Our bodies are constantly put through strain each and every day through normal lifting and bending- when moving day comes along it can seem daunting due to the physicality of it. Injuring yourself during a move is the last thing you want during an already stressful time that’s likely been on your calendar for weeks. To reduce your risk of injury, take time to stretch and do a few exercises before your move.
We’ve compiled a list of key stretches and moves to try in the hope they make your move easier throughout the day.
- Wrists and Ankles
It doesn’t seem like much, but just this act of giving your ankles and wrists a few rolls in one direction, and then the same number of rolls in the opposite direction can really prep these areas for the day. Stretch your wrists by pulling them down towards your inner arm and then up towards your outer arm. You’ll likely be carrying things frequently, and sometimes at odd angles- preparing with this stretch can help.
- Shoulders and Back
After rolling your ankles and wrists, go ahead and roll your shoulders as well. After these, tuck your shoulders all the way to your ears and then push them back down to give a good stretch across your upper back. While you don’t want to be lifting using your upper back, sometimes oddly shaped items require us to use these muscles as well. Next, put one arm straight out in front of you and pull it straight across your chest with your other arm to stretch a different part of your shoulder- then do the same with the other arm. Once that’s feeling better, lace your fingers behind your back to lock you hands and bring your arms up behind you- just to what feels good. Enjoy a nice stretch there as well.
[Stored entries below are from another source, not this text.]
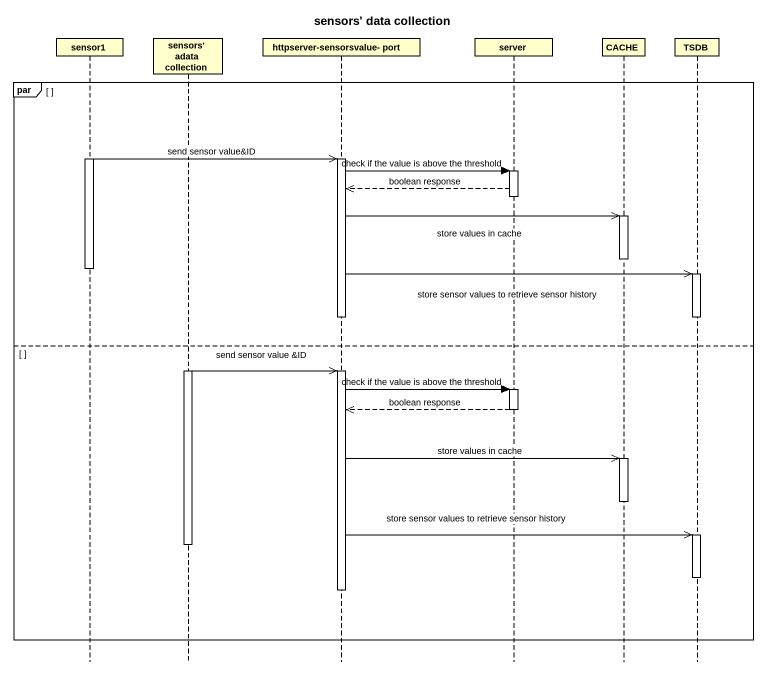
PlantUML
@startuml
title sensors' data collection
hide footbox
participant sensor1
participant "sensors' adata collection" as sensors_adata_collection
participant "httpserver-sensorsvalue- port" as httpserver_sensorsvalue_port
participant server
participant CACHE
participant TSDB

par
  activate sensor1
  sensor1 ->> httpserver_sensorsvalue_port : send sensor value&ID
  activate httpserver_sensorsvalue_port
  httpserver_sensorsvalue_port -> server : check if the value is above the threshold
  activate server
  server -->> httpserver_sensorsvalue_port : boolean response
  deactivate server
  httpserver_sensorsvalue_port ->> CACHE : store values in cache
  activate CACHE
  deactivate CACHE
  deactivate sensor1
  httpserver_sensorsvalue_port ->> TSDB : store sensor values to retrieve sensor history
  activate TSDB
  deactivate httpserver_sensorsvalue_port
  deactivate TSDB
else
  activate sensors_adata_collection
  sensors_adata_collection ->> httpserver_sensorsvalue_port : send sensor value &ID
  activate httpserver_sensorsvalue_port
  httpserver_sensorsvalue_port -> server : check if the value is above the threshold
  activate server
  server -->> httpserver_sensorsvalue_port : boolean response
  deactivate server
  httpserver_sensorsvalue_port ->> CACHE : store values in cache
  activate CACHE
  deactivate CACHE
  httpserver_sensorsvalue_port ->> TSDB : store sensor values to retrieve sensor history
  activate TSDB
  deactivate sensors_adata_collection
  deactivate TSDB
  deactivate httpserver_sensorsvalue_port
end
@enduml
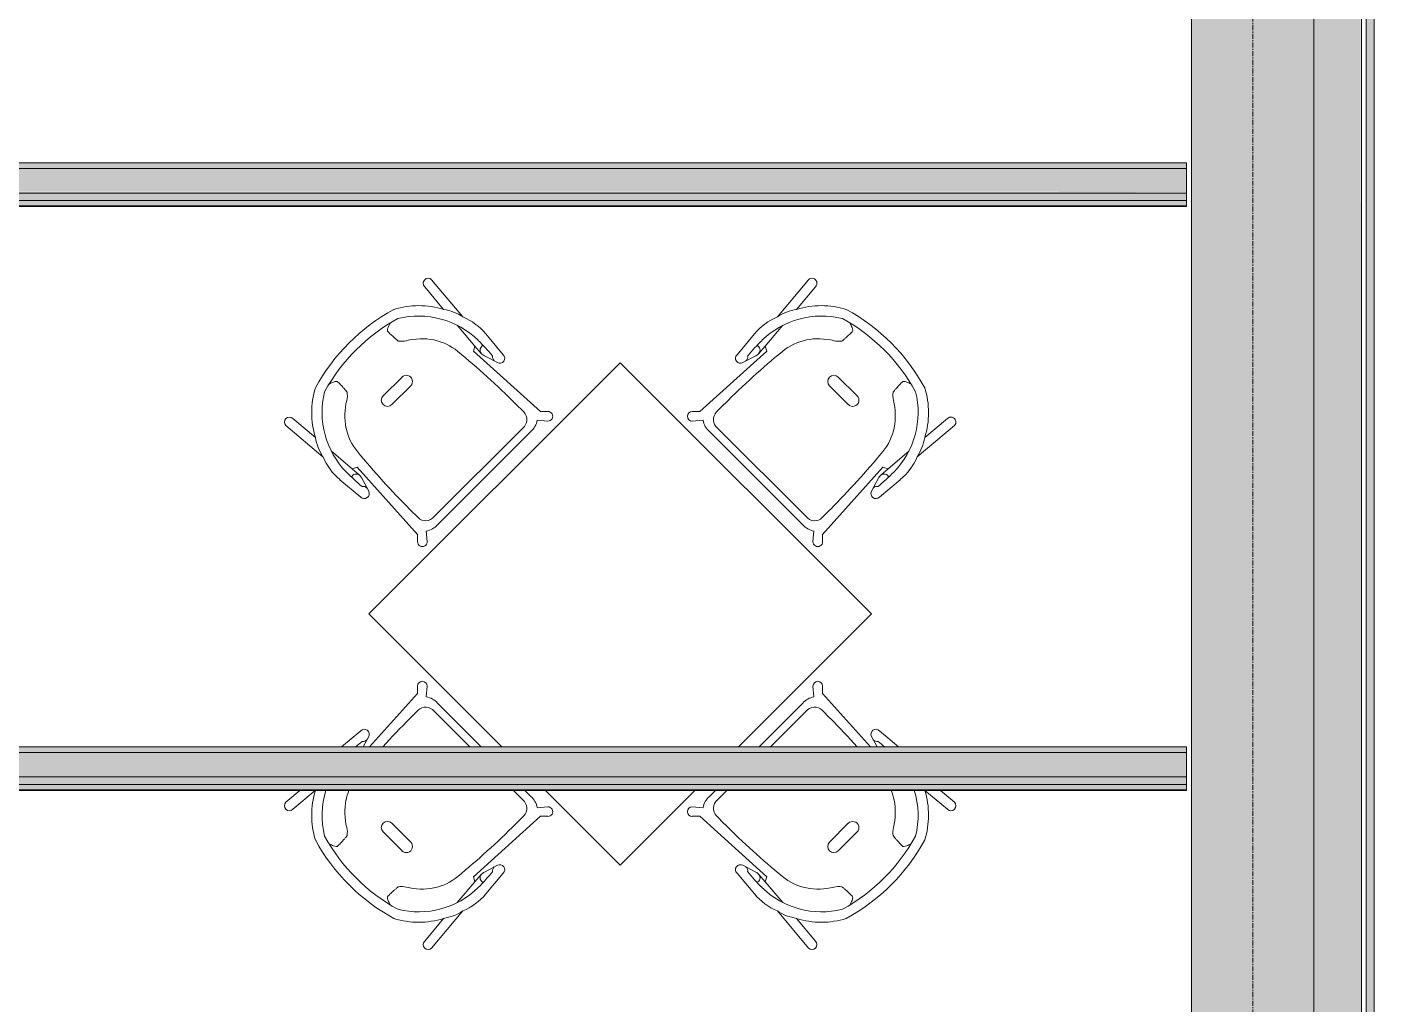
# Model space of a CAD drawing. Header units: inches. Extents: x 22011 to 32682, y -23296 to -20170.
# Drawn here: x 26140.2 to 26276.7, y -22552.3 to -22453.3 of the extents above; entities that cross this region are included whole.
import ezdxf

# ---------------------------------------------------------------- set-up
doc = ezdxf.new("R2010")
doc.units = ezdxf.units.IN
doc.header["$MEASUREMENT"] = 0
doc.linetypes.add('Grid Line 1_2_', pattern=[0.875, 0.5, -0.125, 0.125, -0.125])
for name, color, linetype, lineweight in [('A-ROOF', 132, 'Continuous', 9), ('A-WALL', 113, 'Continuous', 9), ('C-TOPO', 7, 'Continuous', 9), ('I-FURN', 30, 'Continuous', 9), ('S-BEAM', 12, 'Continuous', 9), ('S-GRID', 1, 'Continuous', 9)]:
    doc.layers.add(name, color=color, linetype=linetype, lineweight=lineweight)

# ---------------------------------------------------------------- blocks, each defined once
blk = doc.blocks.new('Falcon 7700 Series Pedestal Base - 36_ Square Top x 30_ - Wheelchair Height-V34-Roof Plan')
at = {"layer": 'I-FURN'}
for p, q in [((18, 18), (-18, 18)), ((-18, 18), (-18, -18)), ((18, -1.05), (18, 18)), ((18, -18), (18, -7.31)), ((-18, -18), (1.05, -18)), ((7.31, -18), (18, -18))]:
    blk.add_line(p, q, dxfattribs=at)
blk = doc.blocks.new('HermanMiller_Collection_Air-Chair_SideChair_Arms - Arms-V2-Roof Plan')
at = {"layer": 'I-FURN'}
for p, q in [((-3.55, 10.02), (-8.45, 10.45)), ((2.04, 10.2), (-0.69, 10.45)), ((-8.45, 9.45), (-5.47, 9.18)), ((-3.35, 9.02), (-0.6, 8.8)), ((-0.34, 8.32), (-0.6, 8.8)), ((-0.6, 8.8), (0.38, 8.73)), ((8.79, 8.8), (-0.34, 8.32)), ((0.77, 8.78), (2.2, 9.22)), ((9.32, 9.33), (8.79, 8.8)), ((9.17, 7.94), (10.01, 8.64)), ((6.45, 7.57), (7.62, 7.57)), ((8.7, 6.35), (8.7, -6.35)), ((9.52, -6.69), (9.52, 6.69)), ((-3.6, 1.35), (-3.6, -1.35)), ((-2.35, -1.35), (-2.35, 1.35)), ((6.45, -7.57), (7.62, -7.57)), ((10.01, -8.64), (9.17, -7.94)), ((-5.47, -9.18), (-8.45, -9.45)), ((-3.35, -9.02), (-0.6, -8.8)), ((-0.6, -8.8), (-0.34, -8.32)), ((0.38, -8.73), (-0.6, -8.8)), ((-0.34, -8.32), (8.79, -8.8)), ((2.2, -9.22), (0.77, -8.78)), ((8.79, -8.8), (9.32, -9.33)), ((-8.45, -10.45), (-3.55, -10.02)), ((-0.69, -10.45), (2.04, -10.2))]:
    blk.add_line(p, q, dxfattribs=at)
for centre, radius, start, end in [((-8.45, 9.95), 0.5, 90, 270), ((-2.46, 4.97), 5.17, 102.2096, 125.548), ((-1.25, 4.41), 6.06, 84.7201, 112.311), ((2.06, 9.7), 0.499, 287, 91.3054), ((-1.51, 1.66), 8.5, 117.7851, 152.2149), ((-0.65, 0.76), 8.69, 90.7893, 148.9202), ((-0.51, -9.88), 19.32, 84.4222, 90.7893), ((0.44, 9.26), 0.53, 159.7405, 262.7198), ((0.45, 9.65), 0.924, 265.6115, 290.3639), ((1.81, 9.64), 0.521, 212.9555, 275.0445), ((9.66, 8.99), 0.49, 315, 135), ((-0.92, 1.66), 5.55, 95.4677, 123.4626), ((6.58, -76.67), 84.24, 90.0911, 95.4677), ((7.62, 6.48), 1.09, 353.2467, 90.0911), ((7.56, 6.82), 1.97, 356.1033, 34.6542), ((9.93, 0), 19.77, 163.4787, 196.5213), ((-0.23, 0.83), 6.63, 124.5004, 148.6439), ((9.93, 0), 18.77, 163.7855, 196.2145), ((-7.66, 5.36), 2.08, 305.4968, 328.6439), ((-2.98, 1.35), 0.625, 360, 180), ((-2.98, -1.35), 0.625, 180, 360), ((-7.66, -5.36), 2.08, 31.3561, 54.5032), ((-0.65, -0.76), 8.69, 211.0798, 269.2107), ((-0.23, -0.83), 6.63, 211.3561, 235.4996), ((-1.51, -1.66), 8.5, 207.7851, 242.2149), ((-0.92, -1.66), 5.55, 236.5374, 264.5323), ((7.62, -6.48), 1.09, 269.9089, 6.7533), ((7.56, -6.82), 1.97, 325.3458, 3.8967), ((6.58, 76.67), 84.24, 264.5323, 269.9089), ((-8.45, -9.95), 0.5, 90, 270), ((-2.46, -4.97), 5.17, 234.452, 257.7904), ((-0.51, 9.88), 19.32, 269.2107, 275.5778), ((0.44, -9.26), 0.53, 97.2802, 200.2595), ((0.45, -9.65), 0.924, 69.6361, 94.3885), ((1.81, -9.64), 0.521, 84.9555, 147.0445), ((2.06, -9.7), 0.499, 268.6946, 73), ((9.66, -8.99), 0.49, 225, 45), ((-1.25, -4.41), 6.06, 247.689, 275.2799)]:
    blk.add_arc(centre, radius, start, end, dxfattribs=at)
for centre, major_axis, ratio, start_param, end_param in [((-7.46, 6.92), (0.03, 3.66), 0.320235, 2.34328, 2.536765), ((-7.87, 5.38), (-0.03, 1.79), 0.298783, 2.522217, 3.153947), ((-7.46, -6.92), (-0.03, 3.66), 0.320235, 0.604828, 0.798312), ((-7.87, -5.38), (0.03, 1.79), 0.298783, 6.270831, 6.902561)]:
    blk.add_ellipse(centre, major_axis=major_axis, ratio=ratio, start_param=start_param, end_param=end_param, dxfattribs=at)
for points in [[(-6.45, 3.67), (-6.52, 3.66), (-6.67, 3.64), (-6.9, 3.62), (-7.13, 3.61), (-7.4, 3.6), (-7.65, 3.59), (-7.83, 3.59)], [(-6.45, -3.67), (-6.52, -3.66), (-6.67, -3.64), (-6.9, -3.62), (-7.13, -3.61), (-7.4, -3.6), (-7.65, -3.59), (-7.83, -3.59)]]:
    blk.add_open_spline(points, degree=3, knots=[-1, -1, -1, -1, -0.75, -0.5, -0.375, -0.25, 0, 0, 0, 0], dxfattribs=at)
blk = doc.blocks.new('HermanMiller_Collection_Air-Chair_SideChair_Arms - Arms-V35-Roof Plan')
at = {"layer": 'I-FURN'}
for p, q in [((-8.45, 10.45), (-3.55, 10.02)), ((-0.69, 10.45), (2.04, 10.2)), ((-5.47, 9.18), (-8.45, 9.45)), ((-3.35, 9.02), (-0.6, 8.8)), ((-0.6, 8.8), (-0.34, 8.32)), ((0.38, 8.73), (-0.6, 8.8)), ((-0.34, 8.32), (8.79, 8.8)), ((2.2, 9.22), (0.77, 8.78)), ((8.79, 8.8), (9.32, 9.33)), ((10.01, 8.64), (9.17, 7.94)), ((6.45, 7.57), (7.62, 7.57)), ((8.7, 5.01), (8.7, 6.35)), ((9.52, 6.69), (9.52, 5.83)), ((-3.6, -1.35), (-3.6, 1.35)), ((-2.35, 1.35), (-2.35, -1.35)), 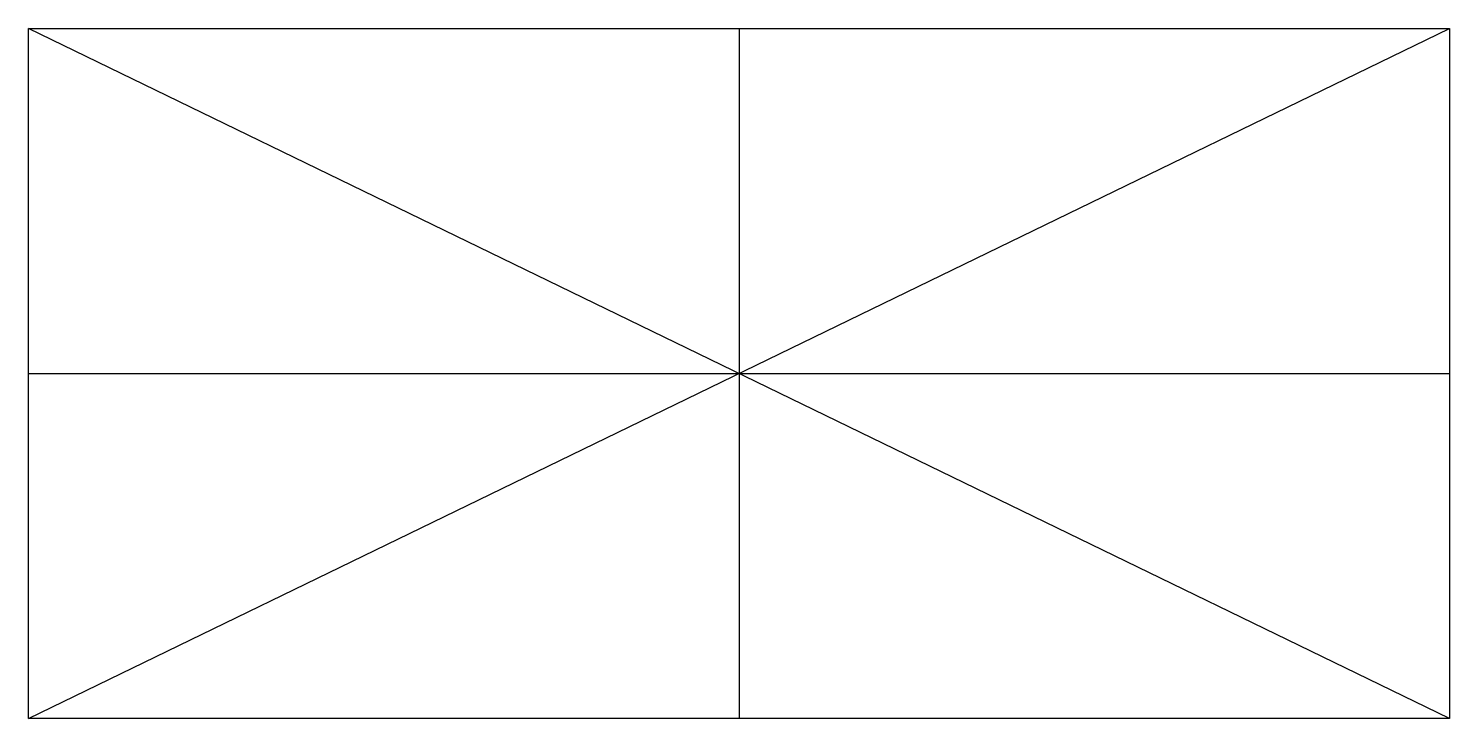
# Model space of a CAD drawing. Header units: millimetres. Extents: x -198 to 198, y -96 to 96.
import ezdxf

# ---------------------------------------------------------------- set-up
doc = ezdxf.new("R2010")
doc.units = ezdxf.units.MM
doc.layers.get('0').update_dxf_attribs({"linetype": 'CONTINUOUS'})

msp = doc.modelspace()

# ---------------------------------------------------------------- linework, layer by layer
for p, q in [((-197.5, -96), (-197.5, 96)), ((-197.5, 96), (197.5, 96)), ((197.5, -96), (-197.5, 96)), ((-197.5, -96), (197.5, 96)), ((0, 96), (0, -96)), ((197.5, 96), (197.5, -96)), ((-197.5, 0), (197.5, 0)), ((197.5, -96), (-197.5, -96))]:
    msp.add_line(p, q)

doc.saveas('drawing.dxf')
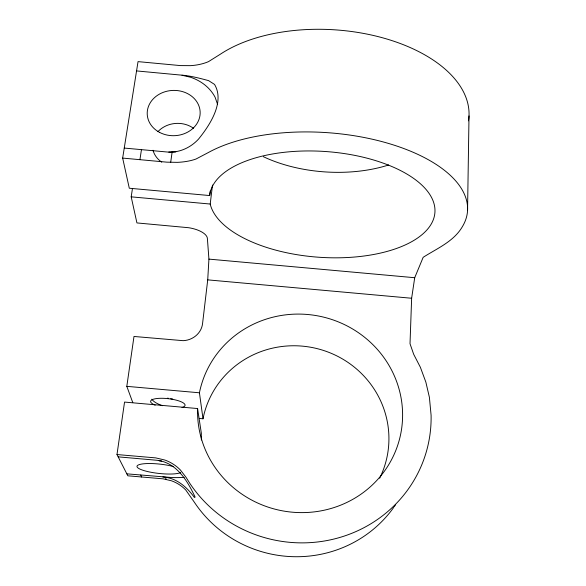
<?xml version="1.0" encoding="UTF-8"?>
<svg xmlns="http://www.w3.org/2000/svg" width="586" height="586" viewBox="0 0 586 586"><rect width="100%" height="100%" fill="white"/><g stroke="black" fill="none" stroke-linecap="round" stroke-linejoin="round"><path stroke-width="0.88" d="M467.555 210.374L469.012 115.918M468.507 120.841A139.563 77.938 3.8 0 0 381.274 37.438A139.563 77.938 3.8 0 0 220.446 54.146L208.521 61.625A49.136 29.644 11.9 0 1 190.611 65.654L180.473 65.595L138.04 61.625L122.657 158.081L166.878 162.161L177.426 162.351A51.246 26.202 10.2 0 0 195.966 159.04L208.235 152.602A145.116 68.291 4 0 1 386.943 142.984A145.116 68.291 4 0 1 462.742 226.042C454.143 241.41 437.215 248.303 423.165 257.32L414.712 277.713L411.636 298.252L410.017 343.726L413.672 354.274L420.382 367.297L425.854 382.116L429.392 397.286L431.091 415.232A131.564 126.906 13.8 0 1 338.657 537.794A131.564 126.906 13.8 0 1 189.996 483.626L186.07 477.363L180.4 470.001A43.899 42.089 -40 0 0 164.834 460.032L155.693 457.886L116.988 454.546L124.547 402.077L197.592 408.545A102.74 99.056 13.8 0 0 343.616 503.923A102.74 99.056 13.8 0 0 363.1 336.093A102.74 99.056 13.8 0 0 199.423 392.788L126.81 386.342L133.989 336.467L183.14 340.671A20.07 18.62 -8.2 0 0 202.595 323.296L207.722 279.866L208.924 259.115L207.4 238.641A20.862 8.878 7.9 0 0 188.604 227.712L136.926 222.929L131.191 196.845L132.436 188.714M122.657 158.081L129.294 188.231L209.671 195.556L210.22 191.014M209.671 195.556A112.959 52.967 4.1 0 1 378.307 161.465A112.959 52.967 4.1 0 1 384.064 252.214A112.959 52.967 4.1 0 1 210.206 204.038L212.506 185.03M170.709 162.227L172.167 151.752M139.929 159.656L141.453 149.642M168.768 152.082C180.092 152.594 190.992 147.32 198.537 139.087C209.795 125.258 225.039 102.089 214.542 84.413L208.572 80.626C199.101 78.07 189.534 75.557 179.609 74.964L136.553 70.921M175.822 151.921L168.189 152.096L124.254 148.068M159.099 460.845L161.677 461.036M116.988 454.546L127.843 475.803L163.164 478.843L171.515 480.806A40.082 38.537 -44.6 0 1 185.74 489.962L194.523 502.48A120.342 117.134 15.4 0 0 393.763 507.344M199.365 418.463L203.005 418.785A93.98 91.445 15.3 0 1 324.571 350.802A93.98 91.445 15.3 0 1 379.655 478.249M118.167 456.853L156.916 460.274C176.613 462.5 187.483 480.894 195.116 497.082L194.405 497.477C186.861 487.01 176.467 477.78 162.849 476.989M126.84 473.84L171.91 477.539A38.793 8.043 6.2 0 0 184.136 477.363M208.924 259.115L414.712 277.713M207.722 279.866L411.636 298.252M131.191 196.845L210.206 204.038M182.004 75.257L190.369 77.191A45.415 38.83 -2.4 0 1 215.113 97.269L217.618 104.498M140.757 475.063L141.636 477.011M126.81 386.342L132.795 402.626M165.508 477.546L166.204 479.56M197.592 408.545L201.35 433.34A93.98 91.445 15.3 0 0 201.394 440.013M199.423 392.788L203.005 418.785M395.667 504.59A120.342 117.134 15.4 0 1 394.246 506.663M155.187 405.146A17.338 4.659 6.6 0 1 155.253 398.766A17.338 4.659 6.6 0 1 178.664 400.839A17.338 4.659 6.6 0 1 182.004 407.519M180.569 472.616A22.62 4.688 6.2 0 1 149.452 471.964A22.62 4.688 6.2 0 1 140.53 464.273A22.62 4.688 6.2 0 1 173.566 466.581M388.643 164.981A108.666 60.475 3.8 0 1 263.356 156.689M161.751 162.183A25.037 21.697 -2.7 0 1 153.012 150.265M157.912 131.674A25.037 21.697 -2.7 0 1 193.534 128.29M162.447 405.702A17.104 6.014 13.1 0 1 151.877 399.169M172.709 399.059A17.045 6.124 13.1 0 1 170.673 398.758M168.614 398.363A17.045 6.124 13.1 0 1 167.589 398.128M159.663 132.429A26.487 22.649 -2.4 0 0 200.148 113.538A26.487 22.649 -2.4 0 0 161.231 93.203A26.487 22.649 -2.4 0 0 159.663 132.429"/></g></svg>

Tip: If you’d like, go ahead and stretch your arms over head -as far as you can, with fingers apart- for an excellent full body stretch. If that’s not enough, go into a yoga style child’s pose on a mat.
- Legs and Glutes
If you’re body isn’t used to squats and lunges, prep yourself for the day by doing a few without any weight. This will allow you to see how your body moves without the weight you’ll be carrying, and show you your limitations for how far you can safely reach and bend for the day. Try a full bend, reaching towards the ground to stretch your hamstrings- but also be sure that this is not how you are picking things up.
Tip: If you’ll be moving up and down stairs- do a few calves raises to wake them up for the day!
Moving is hard work! Give your body grace in knowing that it’s about to have a full day, rather than going straight into it. This can cause injuries or a completely worn out body.
If it’s possible to do these stretches and exercises each day for a few weeks before your move, then great! But if your move has come on suddenly, or you’ve been too busy to think about it- taking the time to do them before the move is better than foregoing stretching at all. Give your body grace in knowing that it’s about to have a full day, rather than going straight into it. This can cause injuries or a completely worn out body.